= Instructions for the task =
Search the data below for the string "True". Extract every line that contains it.

= Source material =

- - -

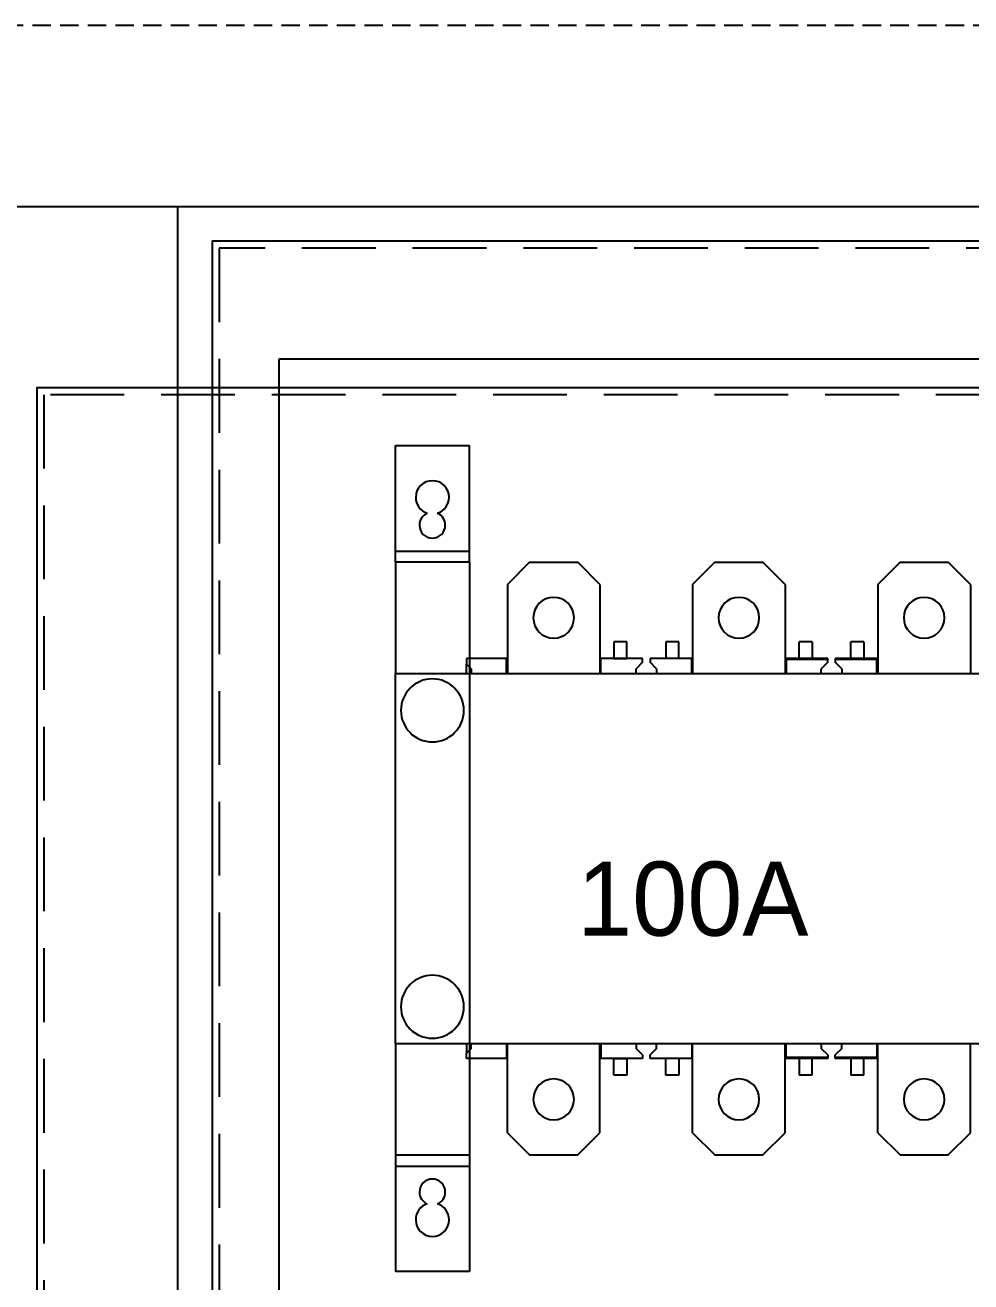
# Model space of a CAD drawing. Header units: millimetres. Extents: x 0 to 4227, y 0 to 2989.
# Drawn here: x 3171.6 to 3334.4, y 1532.7 to 1749 of the extents above; entities that cross this region are included whole.
import ezdxf

# ---------------------------------------------------------------- set-up
doc = ezdxf.new("R2010")
doc.units = ezdxf.units.MM
doc.linetypes.add('HIDDEN2', pattern=[4.7625, 3.175, -1.5875])
doc.linetypes.add('HIDDENX2', pattern=[19.05, 12.7, -6.35])
doc.layers.add('MAIN-1', color=7, linetype='Continuous')
doc.layers.add('MAIN-2', color=7, linetype='Continuous')

msp = doc.modelspace()

# ---------------------------------------------------------------- linework, layer by layer
at = {"color": 7, "linetype": 'HIDDEN2'}
msp.add_lwpolyline([(2672.82, 1748.98), (3670.42, 1748.98), (3670.42, 951.38), (2672.82, 951.38)], close=True, dxfattribs=at)
at = {"color": 7}
msp.add_lwpolyline([(2704.02, 1717.78), (3639.22, 1717.78), (3639.22, 982.58), (2704.02, 982.58)], close=True, dxfattribs=at)
at = {"ltscale": 3}
msp.add_lwpolyline([(3145.42, 1717.78), (3197.82, 1717.78), (3197.82, 982.58), (3145.42, 982.58)], close=True, dxfattribs=at)
at = {"color": 6}
msp.add_lwpolyline([(3633.22, 1711.78), (3203.82, 1711.78), (3203.82, 988.58), (3633.22, 988.58)], close=True, dxfattribs=at)
at = {"color": 6, "linetype": 'HIDDENX2'}
msp.add_lwpolyline([(3632.02, 1710.58), (3205.02, 1710.58), (3205.02, 989.78), (3632.02, 989.78)], close=True, dxfattribs=at)
at = {"color": 3, "ltscale": 3}
msp.add_lwpolyline([(3215.32, 1691.58), (3613.02, 1691.58), (3613.02, 1008.78), (3215.32, 1008.78)], close=True, dxfattribs=at)
at = {"color": 1}
msp.add_lwpolyline([(3628.02, 1686.58), (3173.62, 1686.58), (3173.62, 1013.78), (3628.02, 1013.78)], close=True, dxfattribs=at)
at = {"color": 1, "linetype": 'HIDDENX2'}
msp.add_lwpolyline([(3626.82, 1685.38), (3174.82, 1685.38), (3174.82, 1014.98), (3626.82, 1014.98)], close=True, dxfattribs=at)
at = {"layer": 'MAIN-1'}
for p, q in [((3235.34, 1656.56), (3235.34, 1676.64)), ((3235.34, 1676.64), (3248.09, 1676.64)), ((3248.09, 1656.56), (3248.09, 1676.64)), ((3235.34, 1656.56), (3235.34, 1637.43)), ((3248.09, 1656.56), (3235.34, 1656.56)), ((3248.09, 1656.56), (3248.09, 1639.98)), ((3258.45, 1656.56), (3254.62, 1652.73)), ((3258.45, 1656.56), (3266.73, 1656.56)), ((3270.56, 1652.73), (3266.73, 1656.56)), ((3290.32, 1656.56), (3286.5, 1652.73)), ((3290.32, 1656.56), (3298.61, 1656.56)), ((3302.43, 1652.73), (3298.61, 1656.56)), ((3322.2, 1656.56), (3318.37, 1652.73)), ((3322.2, 1656.56), (3330.48, 1656.56)), ((3334.31, 1652.73), (3330.48, 1656.56)), ((3254.62, 1652.73), (3254.62, 1637.43)), ((3270.56, 1652.73), (3270.56, 1637.43)), ((3286.5, 1652.73), (3286.5, 1637.43)), ((3302.43, 1652.73), (3302.43, 1637.43)), ((3318.37, 1652.73), (3318.37, 1637.43)), ((3334.31, 1652.73), (3334.31, 1637.43)), ((3275.18, 1642.85), (3272.95, 1642.85)), ((3272.95, 1642.85), (3272.95, 1639.98)), ((3275.18, 1639.98), (3275.18, 1642.85)), ((3284.11, 1642.85), (3281.87, 1642.85)), ((3281.87, 1642.85), (3281.87, 1639.98)), ((3284.11, 1639.98), (3284.11, 1642.85)), ((3307.06, 1642.85), (3304.82, 1642.85)), ((3304.82, 1639.98), (3304.82, 1642.85)), ((3307.06, 1642.85), (3307.06, 1639.98)), ((3315.98, 1642.85), (3313.75, 1642.85)), ((3313.75, 1639.98), (3313.75, 1642.85)), ((3315.98, 1642.85), (3315.98, 1639.98)), ((3254.46, 1639.98), (3247.61, 1639.98)), ((3247.61, 1639.98), (3247.61, 1639.03)), ((3254.46, 1637.43), (3254.46, 1639.98)), ((3272.95, 1639.98), (3270.72, 1639.98)), ((3270.72, 1637.43), (3270.72, 1639.98)), ((3275.18, 1639.98), (3272.95, 1639.98)), ((3277.89, 1639.98), (3275.18, 1639.98)), ((3277.89, 1639.35), (3276.77, 1638.23)), ((3277.89, 1639.35), (3277.89, 1639.98)), ((3279.17, 1639.98), (3279.17, 1639.35)), ((3281.87, 1639.98), (3279.17, 1639.98)), ((3280.28, 1638.23), (3279.17, 1639.35)), ((3284.11, 1639.98), (3281.87, 1639.98)), ((3286.34, 1639.98), (3284.11, 1639.98)), ((3286.34, 1637.55), (3286.34, 1639.98)), ((3304.82, 1639.98), (3302.59, 1639.98)), ((3302.59, 1639.98), (3302.59, 1637.43)), ((3307.06, 1639.98), (3304.82, 1639.98)), ((3309.77, 1639.98), (3307.06, 1639.98)), ((3309.77, 1639.35), (3308.65, 1638.23)), ((3309.77, 1639.35), (3309.77, 1639.98)), ((3311.04, 1639.98), (3311.04, 1639.35)), ((3313.75, 1639.98), (3311.04, 1639.98)), ((3312.16, 1638.23), (3311.04, 1639.35)), ((3315.98, 1639.98), (3313.75, 1639.98)), ((3318.21, 1639.98), (3315.98, 1639.98)), ((3318.21, 1637.55), (3318.21, 1639.98)), ((3235.34, 1573.68), (3235.34, 1637.43)), ((3235.34, 1637.43), (3344.89, 1637.43)), ((3248.41, 1638.23), (3247.61, 1639.03)), ((3247.61, 1637.43), (3247.61, 1639.03)), ((3248.41, 1638.23), (3248.41, 1637.43)), ((3276.77, 1637.43), (3276.77, 1638.23)), ((3280.28, 1638.23), (3280.28, 1637.43)), ((3286.34, 1637.55), (3286.34, 1637.43)), ((3308.65, 1637.43), (3308.65, 1638.23)), ((3312.16, 1638.23), (3312.16, 1637.43)), ((3318.21, 1637.55), (3318.21, 1637.43)), ((3344.89, 1573.68), (3235.34, 1573.68)), ((3235.34, 1573.68), (3235.34, 1554.56)), ((3247.61, 1573.68), (3247.61, 1572.09)), ((3248.41, 1572.89), (3247.61, 1572.09)), ((3248.41, 1572.89), (3248.41, 1573.68)), ((3254.46, 1573.68), (3254.46, 1571.13)), ((3254.62, 1558.38), (3254.62, 1573.68)), ((3270.56, 1558.38), (3270.56, 1573.68)), ((3270.72, 1573.68), (3270.72, 1571.13)), ((3276.77, 1573.68), (3276.77, 1572.89)), ((3277.89, 1571.77), (3276.77, 1572.89)), ((3280.28, 1572.89), (3279.17, 1571.77)), ((3280.28, 1572.89), (3280.28, 1573.68)), ((3286.34, 1573.57), (3286.34, 1573.68)), ((3286.34, 1573.57), (3286.34, 1571.13)), ((3286.5, 1558.38), (3286.5, 1573.68)), ((3302.43, 1558.38), (3302.43, 1573.68)), ((3302.59, 1571.13), (3302.59, 1573.68)), ((3308.65, 1573.68), (3308.65, 1572.89)), ((3309.77, 1571.77), (3308.65, 1572.89)), ((3312.16, 1572.89), (3311.04, 1571.77)), ((3312.16, 1572.89), (3312.16, 1573.68)), ((3318.21, 1573.57), (3318.21, 1573.68)), ((3318.21, 1573.57), (3318.21, 1571.13)), ((3318.37, 1558.38), (3318.37, 1573.68)), ((3334.31, 1558.38), (3334.31, 1573.68)), ((3247.61, 1571.13), (3247.61, 1572.09)), ((3254.46, 1571.13), (3247.61, 1571.13)), ((3248.09, 1571.13), (3248.09, 1554.56)), ((3272.95, 1571.13), (3270.72, 1571.13)), ((3272.95, 1568.27), (3272.95, 1571.13)), ((3275.18, 1571.13), (3272.95, 1571.13)), ((3275.18, 1571.13), (3275.18, 1568.27)), ((3277.89, 1571.13), (3275.18, 1571.13)), ((3277.89, 1571.77), (3277.89, 1571.13)), ((3279.17, 1571.13), (3279.17, 1571.77)), ((3281.87, 1571.13), (3279.17, 1571.13)), ((3281.87, 1568.27), (3281.87, 1571.13)), ((3284.11, 1571.13), (3281.87, 1571.13)), ((3284.11, 1571.13), (3284.11, 1568.27)), ((3286.34, 1571.13), (3284.11, 1571.13)), ((3304.82, 1571.13), (3302.59, 1571.13)), ((3304.82, 1571.13), (3304.82, 1568.27)), ((3307.06, 1571.13), (3304.82, 1571.13)), ((3307.06, 1568.27), (3307.06, 1571.13)), ((3309.77, 1571.13), (3307.06, 1571.13)), ((3309.77, 1571.77), (3309.77, 1571.13)), ((3311.04, 1571.13), (3311.04, 1571.77)), ((3313.75, 1571.13), (3311.04, 1571.13)), ((3313.75, 1571.13), (3313.75, 1568.27)), ((3315.98, 1571.13), (3313.75, 1571.13)), ((3315.98, 1568.27), (3315.98, 1571.13)), ((3318.21, 1571.13), (3315.98, 1571.13)), ((3275.18, 1568.27), (3272.95, 1568.27)), ((3284.11, 1568.27), (3281.87, 1568.27)), ((3307.06, 1568.27), (3304.82, 1568.27)), ((3315.98, 1568.27), (3313.75, 1568.27)), ((3254.62, 1558.38), (3258.45, 1554.56)), ((3266.73, 1554.56), (3270.56, 1558.38)), ((3286.5, 1558.38), (3290.32, 1554.56)), ((3298.61, 1554.56), (3302.43, 1558.38)), ((3318.37, 1558.38), (3322.2, 1554.56)), ((3330.48, 1554.56), (3334.31, 1558.38)), ((3235.34, 1554.56), (3235.34, 1534.48)), ((3235.34, 1554.56), (3248.09, 1554.56)), ((3248.09, 1554.56), (3248.09, 1534.48)), ((3258.45, 1554.56), (3266.73, 1554.56)), ((3290.32, 1554.56), (3298.61, 1554.56)), ((3322.2, 1554.56), (3330.48, 1554.56)), ((3248.09, 1534.48), (3235.34, 1534.48))]:
    msp.add_line(p, q, dxfattribs=at)
for centre, radius, start, end in [((3241.71, 1667.72), 2.87, 0, 180), ((3241.71, 1667.72), 2.87, 180, 252.148), ((3241.71, 1667.72), 2.87, 287.852, 0), ((3241.71, 1662.93), 2.23, 113.2127, 180), ((3241.71, 1662.93), 2.23, 0, 66.7872), ((3241.71, 1662.93), 2.23, 180, 0), ((3262.59, 1647), 3.51, 0, 180), ((3294.47, 1647), 3.51, 0, 180), ((3326.34, 1647), 3.51, 0, 180), ((3262.59, 1647), 3.51, 180, 0), ((3294.47, 1647), 3.51, 180, 0), ((3326.34, 1647), 3.51, 180, 0), ((3286.02, 1637.55), 0.319, 338.5119, 0), ((3317.89, 1637.55), 0.319, 338.5119, 0), ((3241.71, 1631.06), 5.42, 0, 180), ((3241.71, 1631.06), 5.42, 180, 0), ((3241.71, 1580.06), 5.42, 0, 180), ((3241.71, 1580.06), 5.42, 180, 0), ((3286.02, 1573.57), 0.319, 0, 21.4881), ((3317.89, 1573.57), 0.319, 0, 21.4881), ((3262.59, 1564.12), 3.51, 0, 180), ((3294.47, 1564.12), 3.51, 0, 180), ((3326.34, 1564.12), 3.51, 0, 180), ((3262.59, 1564.12), 3.51, 180, 0), ((3294.47, 1564.12), 3.51, 180, 0), ((3326.34, 1564.12), 3.51, 180, 0), ((3241.71, 1548.18), 2.23, 0, 180), ((3241.71, 1548.18), 2.23, 180, 246.7873), ((3241.71, 1548.18), 2.23, 293.2128, 0), ((3241.71, 1543.4), 2.87, 107.852, 180), ((3241.71, 1543.4), 2.87, 0, 72.148), ((3241.71, 1543.4), 2.87, 180, 0)]:
    msp.add_arc(centre, radius, start, end, dxfattribs=at)
at = {"layer": 'MAIN-2'}
for p, q in [((3235.34, 1676.64), (3235.34, 1676.64)), ((3248.09, 1676.64), (3248.09, 1676.64)), ((3240.83, 1664.98), (3240.83, 1664.98)), ((3242.59, 1664.98), (3242.59, 1664.98)), ((3235.34, 1658.47), (3235.34, 1658.47)), ((3235.34, 1658.47), (3248.09, 1658.47)), ((3248.09, 1658.47), (3248.09, 1658.47)), ((3235.34, 1656.56), (3235.34, 1656.56)), ((3248.09, 1656.56), (3248.09, 1656.56)), ((3258.45, 1656.56), (3258.45, 1656.56)), ((3258.45, 1656.56), (3258.45, 1656.56)), ((3266.73, 1656.56), (3266.73, 1656.56)), ((3266.73, 1656.56), (3266.73, 1656.56)), ((3290.32, 1656.56), (3290.32, 1656.56)), ((3290.32, 1656.56), (3290.32, 1656.56)), ((3298.61, 1656.56), (3298.61, 1656.56)), ((3298.61, 1656.56), (3298.61, 1656.56)), ((3322.2, 1656.56), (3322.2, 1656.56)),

- - -

= Response =
msp.add_lwpolyline([(2672.82, 1748.98), (3670.42, 1748.98), (3670.42, 951.38), (2672.82, 951.38)], close=True, dxfattribs=at)
msp.add_lwpolyline([(2704.02, 1717.78), (3639.22, 1717.78), (3639.22, 982.58), (2704.02, 982.58)], close=True, dxfattribs=at)
msp.add_lwpolyline([(3145.42, 1717.78), (3197.82, 1717.78), (3197.82, 982.58), (3145.42, 982.58)], close=True, dxfattribs=at)
msp.add_lwpolyline([(3633.22, 1711.78), (3203.82, 1711.78), (3203.82, 988.58), (3633.22, 988.58)], close=True, dxfattribs=at)
msp.add_lwpolyline([(3632.02, 1710.58), (3205.02, 1710.58), (3205.02, 989.78), (3632.02, 989.78)], close=True, dxfattribs=at)
msp.add_lwpolyline([(3215.32, 1691.58), (3613.02, 1691.58), (3613.02, 1008.78), (3215.32, 1008.78)], close=True, dxfattribs=at)
msp.add_lwpolyline([(3628.02, 1686.58), (3173.62, 1686.58), (3173.62, 1013.78), (3628.02, 1013.78)], close=True, dxfattribs=at)
msp.add_lwpolyline([(3626.82, 1685.38), (3174.82, 1685.38), (3174.82, 1014.98), (3626.82, 1014.98)], close=True, dxfattribs=at)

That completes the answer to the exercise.